Zanetti graphical abstract

Daniela Zanetti, Laurel Stell, Stefan Gustafsson, Fahim Abbasi, Philip S. Tsao, Joshua W. Knowles, RISC Investigators, Björn Zethelius, Johan Ärnlöv, Beverley Balkau, Mark Walker, Laura C. Lazzeroni, Lars Lind, John R. Petrie, Themistocles L. Assimes

The euglycaemic−hyperinsulinaemic clamp (EIC) is a reference standard for directly assessing insulin sensitivity but is invasive and time-consuming.

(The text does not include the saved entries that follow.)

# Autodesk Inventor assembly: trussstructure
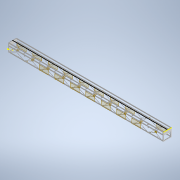
[picture p0: Inventor's stored thumbnail of the model, 180x180]
Saved by Autodesk Inventor 2020 (Build 240168000, 168)
## iProperties
Created: 2020-07-04
Part Number: trussstructure
Document SubType Name: Assembly
Designer: Ashiqrahman
Mass: 1909.65 g
Surface Area: 18631.2 cm^2
Volume: 1909.65 cm^3
Density: 1 g/cm^3
Author: Ashiqrahman
## Documents named in this file (12)
- D:\projects\Intelligent Picking\trussstructure.iam
- D:\projects\Intelligent Picking\LINK 2 tri truss without horizontal members.ipt
- C:\Users\Public\Documents\Autodesk\Inventor 2020\truss frame slanting.ipt
- C:\Users\Public\Documents\Autodesk\Inventor 2020\truss frame slanting down.ipt
- C:\Users\Public\Documents\Autodesk\Inventor 2020\truss final piece.ipt
- C:\Users\Public\Documents\Autodesk\Inventor 2020\horizontal bottom trusses.ipt
- C:\Users\Public\Documents\Autodesk\Inventor 2020\horizontal truss top.ipt
- D:\projects\Intelligent Picking\trussstructure\AIP\FEA\dajo7qeu8.fins
- D:\projects\Intelligent Picking\trussstructure\AIP\FEA\dajo7qeu8.fsat
- D:\projects\Intelligent Picking\trussstructure\AIP\FEA\dajo7qeu8.ftes
- D:\projects\Intelligent Picking\trussstructure\AIP\FEA\dajo7qeu8.fwiz
- D:\projects\Intelligent Picking\trussstructure\AIP\FEA\dajo7qeww.fmsh
## Components (60 placed, 6 different names)
1. LINK 2 tri truss without horizontal members:1 — Rotational:1, Mate:1, Mate:2, Mate:3, Flush:3, Flush:4, Mate:4, Mate:5, Flush:5, Mate:6, Mate:7, Mate:8, Mate:9, Flush:6, Mate:10, Mate:11, Flush:7, Mate:12, Mate:13, Flush:8, Mate:14, Mate:15, Flush:9, Mate:16, Mate:17, Flush:10, Mate:18, Mate:19, Flush:11, Mate:36, Mate:37, Flush:21, Mate:38, Mate:39, Flush:22, Mate:40, Flush:23, Mate:41, Mate:42, Flush:24, Mate:43, Mate:44, Mate:45, Mate:46, Mate:47, Flush:25, Mate:48, Mate:49, Flush:26, Mate:50, Mate:51, Flush:27, Mate:52, Mate:53, Flush:28, Mate:54, Mate:56, Mate:74, Flush:40, Mate:75, Flush:41, Mate:76, Mate:78, Flush:43, Flush:44, Flush:45, Mate:79, Mate:80, Flush:46, Mate:82, Mate:83, Flush:47, Mate:84, Mate:85, Flush:48, Mate:86, Mate:87, Mate:88, Flush:49, Mate:89, Mate:90, Flush:50, Mate:91, Mate:92, Flush:51, Mate:93, Mate:94, Flush:52, Mate:95, Mate:96, Flush:53, Mate:97, Mate:98, Flush:54, Flush:55, Flush:56, Mate:99, Mate:100, Flush:57, Mate:101, Mate:102, Flush:58, Mate:103, Mate:104, Flush:59, Mate:105, Mate:106, Flush:60, Mate:107, Mate:108, Flush:61, Mate:109, Mate:110, Flush:62, Mate:111, Mate:112, Flush:63, Mate:113, Mate:114, Flush:64, Mate:115, Mate:116, Flush:65
2. truss frame slanting:1 — Flush:2, Rotational:1, Mate:1, Mate:20
3. truss frame slanting down:1 — Flush:2, Mate:20, Mate:21
4. truss frame slanting:2 — Mate:2, Mate:3, Flush:3, Mate:21, Mate:22, Flush:12
5. truss frame slanting:3 — Mate:18, Mate:19, Flush:11, Mate:35, Mate:77, Flush:42
6. truss frame slanting:4 — Flush:4, Mate:4, Mate:5, Mate:23, Flush:13
7. truss frame slanting:5 — Mate:16, Mate:17, Flush:10, Mate:32, Mate:33, Flush:19
8. truss frame slanting:6 — Mate:12, Mate:13, Flush:8, Mate:28, Mate:29, Flush:17
9. truss frame slanting:7 — Mate:14, Mate:15, Flush:9, Mate:30, Mate:31, Flush:18
10. truss frame slanting:8 — Flush:5, Mate:6, Mate:7, Mate:24
11. truss frame slanting:9 — Mate:10, Mate:11, Flush:7, Mate:27, Flush:16
12. truss frame slanting:10 — Mate:8, Mate:9, Flush:6, Mate:25, Flush:14, Mate:26, Flush:15
13. truss frame slanting down:2 — Mate:24, Mate:25, Flush:14
14. truss frame slanting down:3 — Mate:23, Flush:13
15. truss frame slanting down:4 — Mate:22, Flush:12
16. truss frame slanting down:5 — Mate:26, Flush:15
17. truss frame slanting down:6 — Mate:27, Flush:16, Mate:28
18. truss frame slanting down:7 — Mate:29, Flush:17, Mate:30
19. truss frame slanting down:8 — Mate:31, Flush:18, Mate:32
20. truss frame slanting down:9 — Mate:33, Flush:19, Mate:35
21. truss frame slanting down:11 — Mate:44, Mate:45, Mate:46, Mate:64, Mate:65, Flush:34
22. truss frame slanting down:12 — Mate:40, Flush:23, Mate:41, Mate:60, Mate:61, Flush:32
23. truss frame slanting down:13 — Mate:36, Mate:37, Flush:21, Mate:55, Flush:29, Mate:58
24. truss frame slanting down:14 — Mate:38, Mate:39, Flush:22, Mate:57, Flush:30, Mate:59, Flush:31
25. truss frame slanting down:15 — Mate:42, Flush:24, Mate:43, Mate:62, Mate:63, Flush:33
26. truss frame slanting down:16 — Mate:47, Flush:25, Mate:48, Flush:35, Mate:66, Mate:67, Flush:36
27. truss frame slanting down:17 — Mate:49, Flush:26, Mate:50, Mate:68, Mate:69, Flush:37
28. truss frame slanting down:18 — Mate:51, Flush:27, Mate:52, Mate:70, Mate:71, Flush:38
29. truss frame slanting down:19 — Mate:53, Flush:28, Mate:54, Mate:72, Mate:73, Flush:39
30. truss frame slanting:11 — Mate:63, Flush:33, Mate:64
31. truss frame slanting:12 — Mate:65, Flush:34, Flush:35, Mate:66
32. truss frame slanting:13 — Mate:59, Flush:31, Mate:60
33. truss frame slanting:14 — Mate:55, Flush:29, Mate:56
34. truss frame slanting:15 — Mate:67, Flush:36, Mate:68
35. truss frame slanting:16 — Mate:61, Flush:32, Mate:62
36. truss frame slanting:17 — Mate:57, Flush:30, Mate:58
37. truss frame slanting:18 — Mate:69, Flush:37, Mate:70
38. truss frame slanting:19 — Mate:71, Flush:38, Mate:72
39. truss frame slanting:20 — Mate:73, Flush:39, Mate:74
40. truss final piece:1 — Flush:40, Mate:75, Flush:41, Mate:76
41. truss final piece:2 — Mate:77, Flush:42, Mate:78
42. horizontal bottom trusses:1 — Flush:43, Flush:44, Flush:45, Mate:79, Mate:80, Flush:46
43. horizontal bottom trusses:2 — Mate:91, Mate:92, Flush:51
44. horizontal bottom trusses:3 — Mate:84, Mate:85, Flush:48
45. horizontal bottom trusses:4 — Mate:89, Mate:90, Flush:50
46. horizontal bottom trusses:5 — Mate:86, Mate:87, Mate:88, Flush:49
47. horizontal bottom trusses:6 — Mate:95, Mate:96, Flush:53
48. horizontal bottom trusses:7 — Mate:93, Mate:94, Flush:52
49. horizontal bottom trusses:8 — Mate:82, Mate:83, Flush:47
50. horizontal bottom trusses:9 — Mate:97, Mate:98, Flush:54
51. horizontal truss top:1 — Flush:55, Flush:56
52. horizontal truss top:2 — Mate:99, Mate:100, Flush:57
53. horizontal truss top:3 — Mate:101, Mate:102, Flush:58
54. horizontal truss top:4 — Mate:103, Mate:104, Flush:59
55. horizontal truss top:5 — Mate:105, Mate:106, Flush:60
56. horizontal truss top:6 — Mate:107, Mate:108, Flush:61
57. horizontal truss top:7 — Mate:109, Mate:110, Flush:62
58. horizontal truss top:8 — Mate:111, Mate:112, Flush:63
59. horizontal truss top:9 — Mate:113, Mate:114, Flush:64
60. horizontal truss top:10 — Mate:115, Mate:116, Flush:65
## Relationships (178: Mate 114, Flush 63, RevoluteJoint 1)
- Flush:2: truss frame slanting:1 ↔ truss frame slanting down:1
- Rotational:1 [RevoluteJoint]: LINK 2 tri truss without horizontal members:1 ↔ truss frame slanting:1
- Mate:1: LINK 2 tri truss without horizontal members:1 ↔ truss frame slanting:1
- Mate:2: LINK 2 tri truss without horizontal members:1 ↔ truss frame slanting:2
- Mate:3: LINK 2 tri truss without horizontal members:1 ↔ truss frame slanting:2
- Flush:3 (-3 mm): LINK 2 tri truss without horizontal members:1 ↔ truss frame slanting:2
- Flush:4 (-3 mm): LINK 2 tri truss without horizontal members:1 ↔ truss frame slanting:4
- Mate:4: LINK 2 tri truss without horizontal members:1 ↔ truss frame slanting:4
- Mate:5: LINK 2 tri truss without horizontal members:1 ↔ truss frame slanting:4
- Flush:5 (-3 mm): LINK 2 tri truss without horizontal members:1 ↔ truss frame slanting:8
- Mate:6: LINK 2 tri truss without horizontal members:1 ↔ truss frame slanting:8
- Mate:7: LINK 2 tri truss without horizontal members:1 ↔ truss frame slanting:8
- Mate:8: LINK 2 tri truss without horizontal members:1 ↔ truss frame slanting:10
- Mate:9: LINK 2 tri truss without horizontal members:1 ↔ truss frame slanting:10
- Flush:6 (-3 mm): LINK 2 tri truss without horizontal members:1 ↔ truss frame slanting:10
- Mate:10: LINK 2 tri truss without horizontal members:1 ↔ truss frame slanting:9
- Mate:11: LINK 2 tri truss without horizontal members:1 ↔ truss frame slanting:9
- Flush:7 (-3 mm): LINK 2 tri truss without horizontal members:1 ↔ truss frame slanting:9
- Mate:12: LINK 2 tri truss without horizontal members:1 ↔ truss frame slanting:6
- Mate:13: LINK 2 tri truss without horizontal members:1 ↔ truss frame slanting:6
- Flush:8 (3 mm): LINK 2 tri truss without horizontal members:1 ↔ truss frame slanting:6
- Mate:14: LINK 2 tri truss without horizontal members:1 ↔ truss frame slanting:7
- Mate:15: LINK 2 tri truss without horizontal members:1 ↔ truss frame slanting:7
- Flush:9 (-3 mm): LINK 2 tri truss without horizontal members:1 ↔ truss frame slanting:7
- Mate:16: LINK 2 tri truss without horizontal members:1 ↔ truss frame slanting:5
- Mate:17: LINK 2 tri truss without horizontal members:1 ↔ truss frame slanting:5
- Flush:10 (-3 mm): LINK 2 tri truss without horizontal members:1 ↔ truss frame slanting:5
- Mate:18: LINK 2 tri truss without horizontal members:1 ↔ truss frame slanting:3
- Mate:19: LINK 2 tri truss without horizontal members:1 ↔ truss frame slanting:3
- Flush:11 (-3 mm): LINK 2 tri truss without horizontal members:1 ↔ truss frame slanting:3
- Mate:20: truss frame slanting:1 ↔ truss frame slanting down:1
- Mate:21: truss frame slanting down:1 ↔ truss frame slanting:2
- Mate:22: truss frame slanting:2 ↔ truss frame slanting down:4
- Flush:12 (3 mm): truss frame slanting:2 ↔ truss frame slanting down:4
- Mate:23: truss frame slanting:4 ↔ truss frame slanting down:3
- Flush:13 (-3 mm): truss frame slanting:4 ↔ truss frame slanting down:3
- Mate:24: truss frame slanting:8 ↔ truss frame slanting down:2
- Mate:25: truss frame slanting:10 ↔ truss frame slanting down:2
- Flush:14 (-3 mm): truss frame slanting:10 ↔ truss frame slanting down:2
- Mate:26: truss frame slanting:10 ↔ truss frame slanting down:5
- Flush:15 (-3 mm): truss frame slanting:10 ↔ truss frame slanting down:5
- Mate:27: truss frame slanting:9 ↔ truss frame slanting down:6
- Flush:16 (-3 mm): truss frame slanting:9 ↔ truss frame slanting down:6
- Mate:28: truss frame slanting:6 ↔ truss frame slanting down:6
- Mate:29: truss frame slanting:6 ↔ truss frame slanting down:7
- Flush:17 (-3 mm): truss frame slanting:6 ↔ truss frame slanting down:7
- Mate:30: truss frame slanting:7 ↔ truss frame slanting down:7
- Mate:31: truss frame slanting:7 ↔ truss frame slanting down:8
- Flush:18 (-3 mm): truss frame slanting:7 ↔ truss frame slanting down:8
- Mate:32: truss frame slanting:5 ↔ truss frame slanting down:8
- Mate:33: truss frame slanting:5 ↔ truss frame slanting down:9
- Flush:19 (3 mm): truss frame slanting:5 ↔ truss frame slanting down:9
- Mate:35: truss frame slanting:3 ↔ truss frame slanting down:9
- Mate:36: LINK 2 tri truss without horizontal members:1 ↔ truss frame slanting down:13
- Mate:37: LINK 2 tri truss without horizontal members:1 ↔ truss frame slanting down:13
- Flush:21 (-3 mm): LINK 2 tri truss without horizontal members:1 ↔ truss frame slanting down:13
- Mate:38: LINK 2 tri truss without horizontal members:1 ↔ truss frame slanting down:14
- Mate:39: LINK 2 tri truss without horizontal members:1 ↔ truss frame slanting down:14
- Flush:22 (-3 mm): LINK 2 tri truss without horizontal members:1 ↔ truss frame slanting down:14
- Mate:40: LINK 2 tri truss without horizontal members:1 ↔ truss frame slanting down:12
- Flush:23 (-3 mm): LINK 2 tri truss without horizontal members:1 ↔ truss frame slanting down:12
- Mate:41: LINK 2 tri truss without horizontal members:1 ↔ truss frame slanting down:12
- Mate:42: LINK 2 tri truss without horizontal members:1 ↔ truss frame slanting down:15
- Flush:24 (-3 mm): LINK 2 tri truss without horizontal members:1 ↔ truss frame slanting down:15
- Mate:43: LINK 2 tri truss without horizontal members:1 ↔ truss frame slanting down:15
- Mate:44: LINK 2 tri truss without horizontal members:1 ↔ truss frame slanting down:11
- Mate:45 (3 mm): LINK 2 tri truss without horizontal members:1 ↔ truss frame slanting down:11
- Mate:46: LINK 2 tri truss without horizontal members:1 ↔ truss frame slanting down:11
- Mate:47: LINK 2 tri truss without horizontal members:1 ↔ truss frame slanting down:16
- Flush:25 (-3 mm): LINK 2 tri truss without horizontal members:1 ↔ truss frame slanting down:16
- Mate:48: LINK 2 tri truss without horizontal members:1 ↔ truss frame slanting down:16
- Mate:49: LINK 2 tri truss without horizontal members:1 ↔ truss frame slanting down:17
- Flush:26 (-3 mm): LINK 2 tri truss without horizontal members:1 ↔ truss frame slanting down:17
- Mate:50: LINK 2 tri truss without horizontal members:1 ↔ truss frame slanting down:17
- Mate:51: LINK 2 tri truss without horizontal members:1 ↔ truss frame slanting down:18
- Flush:27 (-3 mm): LINK 2 tri truss without horizontal members:1 ↔ truss frame slanting down:18
- Mate:52: LINK 2 tri truss without horizontal members:1 ↔ truss frame slanting down:18
- Mate:53: LINK 2 tri truss without horizontal members:1 ↔ truss frame slanting down:19
- Flush:28 (-3 mm): LINK 2 tri truss without horizontal members:1 ↔ truss frame slanting down:19
- Mate:54: LINK 2 tri truss without horizontal members:1 ↔ truss frame slanting down:19
- Mate:55: truss frame slanting down:13 ↔ truss frame slanting:14
- Flush:29 (3 mm): truss frame slanting down:13 ↔ truss frame slanting:14
- Mate:56: LINK 2 tri truss without horizontal members:1 ↔ truss frame slanting:14
- Mate:57: truss frame slanting down:14 ↔ truss frame slanting:17
- Flush:30 (-3 mm): truss frame slanting down:14 ↔ truss frame slanting:17
- Mate:58: truss frame slanting down:13 ↔ truss frame slanting:17
- Mate:59: truss frame slanting down:14 ↔ truss frame slanting:13
- Flush:31 (-3 mm): truss frame slanting down:14 ↔ truss frame slanting:13
- Mate:60: truss frame slanting down:12 ↔ truss frame slanting:13
- Mate:61: truss frame slanting down:12 ↔ truss frame slanting:16
- Flush:32 (3 mm): truss frame slanting down:12 ↔ truss frame slanting:16
- Mate:62: truss frame slanting down:15 ↔ truss frame slanting:16
- Mate:63: truss frame slanting down:15 ↔ truss frame slanting:11
- Flush:33 (-3 mm): truss frame slanting down:15 ↔ truss frame slanting:11
- Mate:64: truss frame slanting down:11 ↔ truss frame slanting:11
- Mate:65: truss frame slanting down:11 ↔ truss frame slanting:12
- Flush:34 (3 mm): truss frame slanting down:11 ↔ truss frame slanting:12
- Flush:35 (-3 mm): truss frame slanting down:16 ↔ truss frame slanting:12
- Mate:66: truss frame slanting down:16 ↔ truss frame slanting:12
- Mate:67: truss frame slanting down:16 ↔ truss frame slanting:15
- Flush:36 (-3 mm): truss frame slanting down:16 ↔ truss frame slanting:15
- Mate:68: truss frame slanting down:17 ↔ truss frame slanting:15
- Mate:69: truss frame slanting down:17 ↔ truss frame slanting:18
- Flush:37 (3 mm): truss frame slanting down:17 ↔ truss frame slanting:18
- Mate:70: truss frame slanting down:18 ↔ truss frame slanting:18
- Mate:71: truss frame slanting down:18 ↔ truss frame slanting:19
- Flush:38 (3 mm): truss frame slanting down:18 ↔ truss frame slanting:19
- Mate:72: truss frame slanting down:19 ↔ truss frame slanting:19
- Mate:73: truss frame slanting down:19 ↔ truss frame slanting:20
- Flush:39 (3 mm): truss frame slanting down:19 ↔ truss frame slanting:20
- Mate:74: LINK 2 tri truss without horizontal members:1 ↔ truss frame slanting:20
- Flush:40: LINK 2 tri truss without horizontal members:1 ↔ truss final piece:1
- Mate:75: LINK 2 tri truss without horizontal members:1 ↔ truss final piece:1
- Flush:41 (-3 mm): LINK 2 tri truss without horizontal members:1 ↔ truss final piece:1
- Mate:76: LINK 2 tri truss without horizontal members:1 ↔ truss final piece:1
- Mate:77: truss frame slanting:3 ↔ truss final piece:2
- Flush:42 (-3 mm): truss frame slanting:3 ↔ truss final piece:2
- Mate:78: LINK 2 tri truss without horizontal members:1 ↔ truss final piece:2
- Flush:43: LINK 2 tri truss without horizontal members:1 ↔ horizontal bottom trusses:1
- Flush:44: LINK 2 tri truss without horizontal members:1 ↔ horizontal bottom trusses:1
- Flush:45: LINK 2 tri truss without horizontal members:1 ↔ horizontal bottom trusses:1
- Mate:79: LINK 2 tri truss without horizontal members:1 ↔ horizontal bottom trusses:1
- Mate:80: LINK 2 tri truss without horizontal members:1 ↔ horizontal bottom trusses:1
- Flush:46 (-3 mm): LINK 2 tri truss without horizontal members:1 ↔ horizontal bottom trusses:1
- Mate:82: LINK 2 tri truss without horizontal members:1 ↔ horizontal bottom trusses:8
- Mate:83: LINK 2 tri truss without horizontal members:1 ↔ horizontal bottom trusses:8
- Flush:47 (-3 mm): LINK 2 tri truss without horizontal members:1 ↔ horizontal bottom trusses:8
- Mate:84: LINK 2 tri truss without horizontal members:1 ↔ horizontal bottom trusses:3
- Mate:85: LINK 2 tri truss without horizontal members:1 ↔ horizontal bottom trusses:3
- Flush:48 (-3 mm): LINK 2 tri truss without horizontal members:1 ↔ horizontal bottom trusses:3
- Mate:86: LINK 2 tri truss without horizontal members:1 ↔ horizontal bottom trusses:5
- Mate:87: LINK 2 tri truss without horizontal members:1 ↔ horizontal bottom trusses:5
- Mate:88: LINK 2 tri truss without horizontal members:1 ↔ horizontal bottom trusses:5
- Flush:49 (-3 mm): LINK 2 tri truss without horizontal members:1 ↔ horizontal bottom trusses:5
- Mate:89: LINK 2 tri truss without horizontal members:1 ↔ horizontal bottom trusses:4
- Mate:90: LINK 2 tri truss without horizontal members:1 ↔ horizontal bottom trusses:4
- Flush:50 (-3 mm): LINK 2 tri truss without horizontal members:1 ↔ horizontal bottom trusses:4
- Mate:91: LINK 2 tri truss without horizontal members:1 ↔ horizontal bottom trusses:2
- Mate:92: LINK 2 tri truss without horizontal members:1 ↔ horizontal bottom trusses:2
- Flush:51 (-3 mm): LINK 2 tri truss without horizontal members:1 ↔ horizontal bottom trusses:2
- Mate:93: LINK 2 tri truss without horizontal members:1 ↔ horizontal bottom trusses:7
- Mate:94: LINK 2 tri truss without horizontal members:1 ↔ horizontal bottom trusses:7
- Flush:52 (-3 mm): LINK 2 tri truss without horizontal members:1 ↔ horizontal bottom trusses:7
- Mate:95: LINK 2 tri truss without horizontal members:1 ↔ horizontal bottom trusses:6
- Mate:96: LINK 2 tri truss without horizontal members:1 ↔ horizontal bottom trusses:6
- Flush:53 (-3 mm): LINK 2 tri truss without horizontal members:1 ↔ horizontal bottom trusses:6
- Mate:97: LINK 2 tri truss without horizontal members:1 ↔ horizontal bottom trusses:9
- Mate:98: LINK 2 tri truss without horizontal members:1 ↔ horizontal bottom trusses:9
- Flush:54 (-3 mm): LINK 2 tri truss without horizontal members:1 ↔ horizontal bottom trusses:9
- Flush:55: LINK 2 tri truss without horizontal members:1 ↔ horizontal truss top:1
- Flush:56: LINK 2 tri truss without horizontal members:1 ↔ horizontal truss top:1
- Mate:99: LINK 2 tri truss without horizontal members:1 ↔ horizontal truss top:2
- Mate:100: LINK 2 tri truss without horizontal members:1 ↔ horizontal truss top:2
- Flush:57 (-3 mm): LINK 2 tri truss without horizontal members:1 ↔ horizontal truss top:2
- Mate:101: LINK 2 tri truss without horizontal members:1 ↔ horizontal truss top:3
- Mate:102: LINK 2 tri truss without horizontal members:1 ↔ horizontal truss top:3
- Flush:58 (-3 mm): LINK 2 tri truss without horizontal members:1 ↔ horizontal truss top:3
- Mate:103: LINK 2 tri truss without horizontal members:1 ↔ horizontal truss top:4
- Mate:104: LINK 2 tri truss without horizontal members:1 ↔ horizontal truss top:4
- Flush:59 (-3 mm): LINK 2 tri truss without horizontal members:1 ↔ horizontal truss top:4
- Mate:105: LINK 2 tri truss without horizontal members:1 ↔ horizontal truss top:5
- Mate:106: LINK 2 tri truss without horizontal members:1 ↔ horizontal truss top:5
- Flush:60 (-3 mm): LINK 2 tri truss without horizontal members:1 ↔ horizontal truss top:5
- Mate:107: LINK 2 tri truss without horizontal members:1 ↔ horizontal truss top:6
- Mate:108: LINK 2 tri truss without horizontal members:1 ↔ horizontal truss top:6
- Flush:61 (-3 mm): LINK 2 tri truss without horizontal members:1 ↔ horizontal truss top:6
- Mate:109: LINK 2 tri truss without horizontal members:1 ↔ horizontal truss top:7
- Mate:110: LINK 2 tri truss without horizontal members:1 ↔ horizontal truss top:7
- Flush:62 (-3 mm): LINK 2 tri truss without horizontal members:1 ↔ horizontal truss top:7
- Mate:111: LINK 2 tri truss without horizontal members:1 ↔ horizontal truss top:8
- Mate:112: LINK 2 tri truss without horizontal members:1 ↔ horizontal truss top:8
- Flush:63 (-3 mm): LINK 2 tri truss without horizontal members:1 ↔ horizontal truss top:8
- Mate:113: LINK 2 tri truss without horizontal members:1 ↔ horizontal truss top:9
- Mate:114: LINK 2 tri truss without horizontal members:1 ↔ horizontal truss top:9
- Flush:64 (-3 mm): LINK 2 tri truss without horizontal members:1 ↔ horizontal truss top:9
- Mate:115: LINK 2 tri truss without horizontal members:1 ↔ horizontal truss top:10
- Mate:116: LINK 2 tri truss without horizontal members:1 ↔ horizontal truss top:10
- Flush:65 (3 mm): LINK 2 tri truss without horizontal members:1 ↔ horizontal truss top:10
## Named parameters: sa_0 = 10000, sa_1 = 981, sa_2 = 1000, sa_3 = 1000
note: some values were not read from the file. Shown as the stored number, unit unknown: "sa_0", "sa_1", "sa_2", "sa_3".

In this issue, Zanetti et al (https://doi.org/10.1007/s00125-023-05946-z) assess the incremental value of high-throughput plasma proteomic profiling, using the proximity extension assay, in developing signatures that correlate with the M value derived from the EIC. The authors use two cohorts, the Relationship between Insulin Sensitivity and Cardiovascular disease (RISC) and the Uppsala Longitudinal Study of Adult Men (ULSAM), to show that plasma proteomic signatures of up to 67 proteins substantially improve the cross-sectional estimation of the M value over routinely available clinical variables. A smaller subset of proteins afforded much of this improvement, especially when considering predictive models applied across both cohorts. IGF-binding protein 2 was the single most consistently selected protein across all analyses and models. Zanetti and colleagues state that their approach provides opportunities to improve the identification of individuals at risk of adverse health consequences related to insulin resistance.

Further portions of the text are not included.